Abstract

BACKGROUND AND OBJECTIVES: Central role of the vestibular system on control of blood pressure and interrelationships between the vestibular nucleus and solitary nucleus during acute hypotension were investigated in bilateral labyrinthectomized (BLX) or sinoaortic denervated (SAD) rats. Changes of electrical activity in the medial vestibular nucleus (MVN), solitary tract nucleus (STN), and rostral ventrolateral medullary nucleus (RVLM) were investigated in rats in while acute hypotension was induced by sodium nitroprusside (SNP).
RESULTS
Evoked potential in MVN neuron caused by electrical stimulation of the peripheral vestibular system was composed of 3 waves with latencies of 0.48+/-.10 ms, 1.04+/-.09 ms and 1.98+/-.19 ms. Electrical stimulation to MVN or RVLM increased blood pressure. MVN at the induction of acute hypotension showed excitation in 61% of type I neurons and inhibition in 68% of type II neurons. In STN, acute hypotension produced excitation in 62.1% of neurons recorded in intact labyrinthine animals, inhibition in 72.3% of neurons recorded in BL animals, and excitation in 60% of recorded neurons in SAD animals. In RVLM, acute hypotension produced excitation in 66.7% of neurons recorded in intact labyrinthine animals and inhibition in 64.9% of neurons recorded in BL animals.
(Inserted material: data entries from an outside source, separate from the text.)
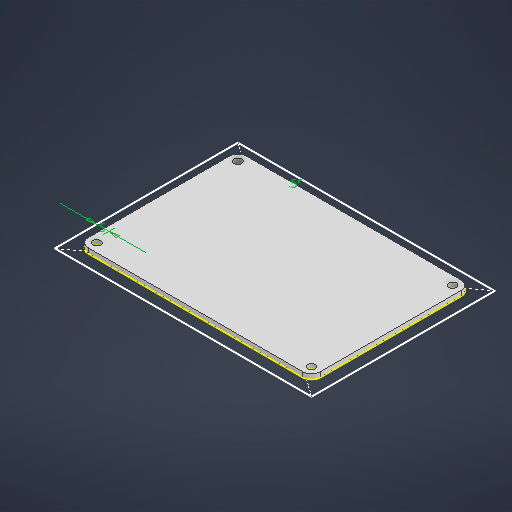
# Autodesk Inventor part: LF_LapTimer-Bottom
Saved by Autodesk Inventor 2026 (Build 300175000, 175)
## iProperties
Created: 2026-03-24
Part Number: LF_LapTimer-Bottom
Material: Všeobecné
Document SubType Name: Modeling
Designer: vadim
Density: 1 g/cm^3
Appearance: Výchozí
Author: vadim
Autodesk Inventor part; units mm, degrees
ref_plane "YZ Plane" through (0, 0, 0) normal (1, 0, 0) x (0, 1, 0)
ref_plane "XZ Plane" through (0, 0, 0) normal (0, 1, 0) x (-1, 0, 0)
ref_plane "XY Plane" through (0, 0, 0) normal (0, 0, 1) x (1, 0, 0)
sketch "Náčrt1" plane through (0, 0, 0) normal (0, 0, 1) x (1, 0, 0)
  line L0 (-43.688, 28.702) -> (43.688, 28.702) construction
  line L1 (43.688, 28.702) -> (43.688, -28.702) construction
  line L2 (43.688, -28.702) -> (-43.688, -28.702) construction
  line L3 (-43.688, -28.702) -> (-43.688, 28.702) construction
  line L4 (-43.688, 28.702) -> (43.688, -28.702) construction
  line L5 (43.688, 28.702) -> (-43.688, -28.702) construction
  circle A0 centre (-43.688, 28.702) radius 1.6
  circle A1 centre (43.688, 28.702) radius 1.6
  circle A2 centre (-43.688, -28.702) radius 1.6
  circle A3 centre (43.688, -28.702) radius 1.6
  line L6 (-43.688, 32.258) -> (43.688, 32.258)
  line L7 (47.244, 28.702) -> (47.244, -28.702)
  line L8 (43.688, -32.258) -> (-43.688, -32.258)
  line L9 (-47.244, -28.702) -> (-47.244, 28.702)
  line L10 (-47.244, 32.258) -> (47.244, -32.258) construction
  line L11 (47.244, 32.258) -> (-47.244, -32.258) construction
  line L12 (0, 28.702) -> (0, -28.702) construction
  line L13 (43.688, 0) -> (-43.688, 0) construction
  arc A4 (-47.244, -28.702) -> (-43.688, -32.258) centre (-43.688, -28.702) ccw
  arc A5 (43.688, -32.258) -> (47.244, -28.702) centre (43.688, -28.702) ccw
  arc A6 (47.244, 28.702) -> (43.688, 32.258) centre (43.688, 28.702) ccw
  arc A7 (-43.688, 32.258) -> (-47.244, 28.702) centre (-43.688, 28.702) ccw
  point P0 (0, 0)
  dimension "d0" = 3.2
  dimension "d1" = 87.376
  dimension "d2" = 94.488
  dimension "d3" = 64.516
  dimension "d5" = 57.404
  dimension "d6" = 3.2
  dimension "d7" = 3.556
  constraints: 28 end point, 8 centre point, 8 midpoint, 8 point on circle, 8 point on line, 8 tangent, 4 coincident, 4 parallel, 3 equal radius, 2 horizontal, 2 perpendicular, 2 other
  measures "d0" diameter of A0
  measures "d1" distance of L0.start L0.end
  measures "d2" distance between parallel lines of L7 L9
  measures "d3" distance between parallel lines of L6 L8
  measures "d5" distance between parallel lines of L2 L0
  measures "d6" diameter of A2
  measures "d7" radius of A4
extrude "Vysunutí1" add sketch "Náčrt1" along normal blind 2
sketch "Náčrt2" plane through (0, 0, 0) normal (0, 0, -1) x (-1, 0, 0)
  circle A0 centre (43.688, -28.702) radius 1.6 projected
  line L0 (43.688, -32.258) -> (-43.688, -32.258) projected
  arc A1 (43.688, -32.258) -> (47.244, -28.702) centre (43.688, -28.702) ccw projected
  line L1 (47.244, 28.702) -> (47.244, -28.702) projected
  arc A2 (47.244, 28.702) -> (43.688, 32.258) centre (43.688, 28.702) ccw projected
  line L2 (-43.688, 32.258) -> (43.688, 32.258) projected
  arc A3 (-43.688, 32.258) -> (-47.244, 28.702) centre (-43.688, 28.702) ccw projected
  line L3 (-47.244, -28.702) -> (-47.244, 28.702) projected
  arc A4 (-47.244, -28.702) -> (-43.688, -32.258) centre (-43.688, -28.702) ccw projected
  circle A5 centre (-43.688, -28.702) radius 1.6 projected
  circle A6 centre (43.688, -28.702) radius 1.6 projected
  circle A7 centre (-43.688, 28.702) radius 1.6 projected
  circle A8 centre (43.688, 28.702) radius 1.6 projected
  line L4 (52.244, -37.258) -> (-52.244, -37.258)
  line L5 (-52.244, -37.258) -> (-52.244, 37.258)
  line L6 (-52.244, 37.258) -> (52.244, 37.258)
  line L7 (52.244, 37.258) -> (52.244, -37.258)
  line L8 (52.244, -37.258) -> (-52.244, 37.258) construction
  line L9 (-52.244, -37.258) -> (52.244, 37.258) construction
  point P0 (0, 0)
  dimension "d10" = 5
  dimension "d11" = 5
  constraints: 12 end point, 2 midpoint, 2 parallel, 1 horizontal, 1 perpendicular
  measures "d10" distance between parallel lines of L7 L1
  measures "d11" distance between parallel lines of L2 L6

In spatial distribution of STN neurons responded to acute hypotension, excitatory responses were mainly recorded in rostral and ventral portion, and inhibitory responses were mainly recorded in caudal and lateral portion. In RVLM, excitatory responses were mainly recorded in rostral and dorsomedial portion, and inhibitory responses were mainly recorded in caudal and ventrolateral portion.
CONCLUSION
These results suggest that afferent signals from the peripheral vestibular receptors are transmitted to STN through the vestibular nuclei and assist to the baroreceptors for controlling blood pressure following acute hypotension.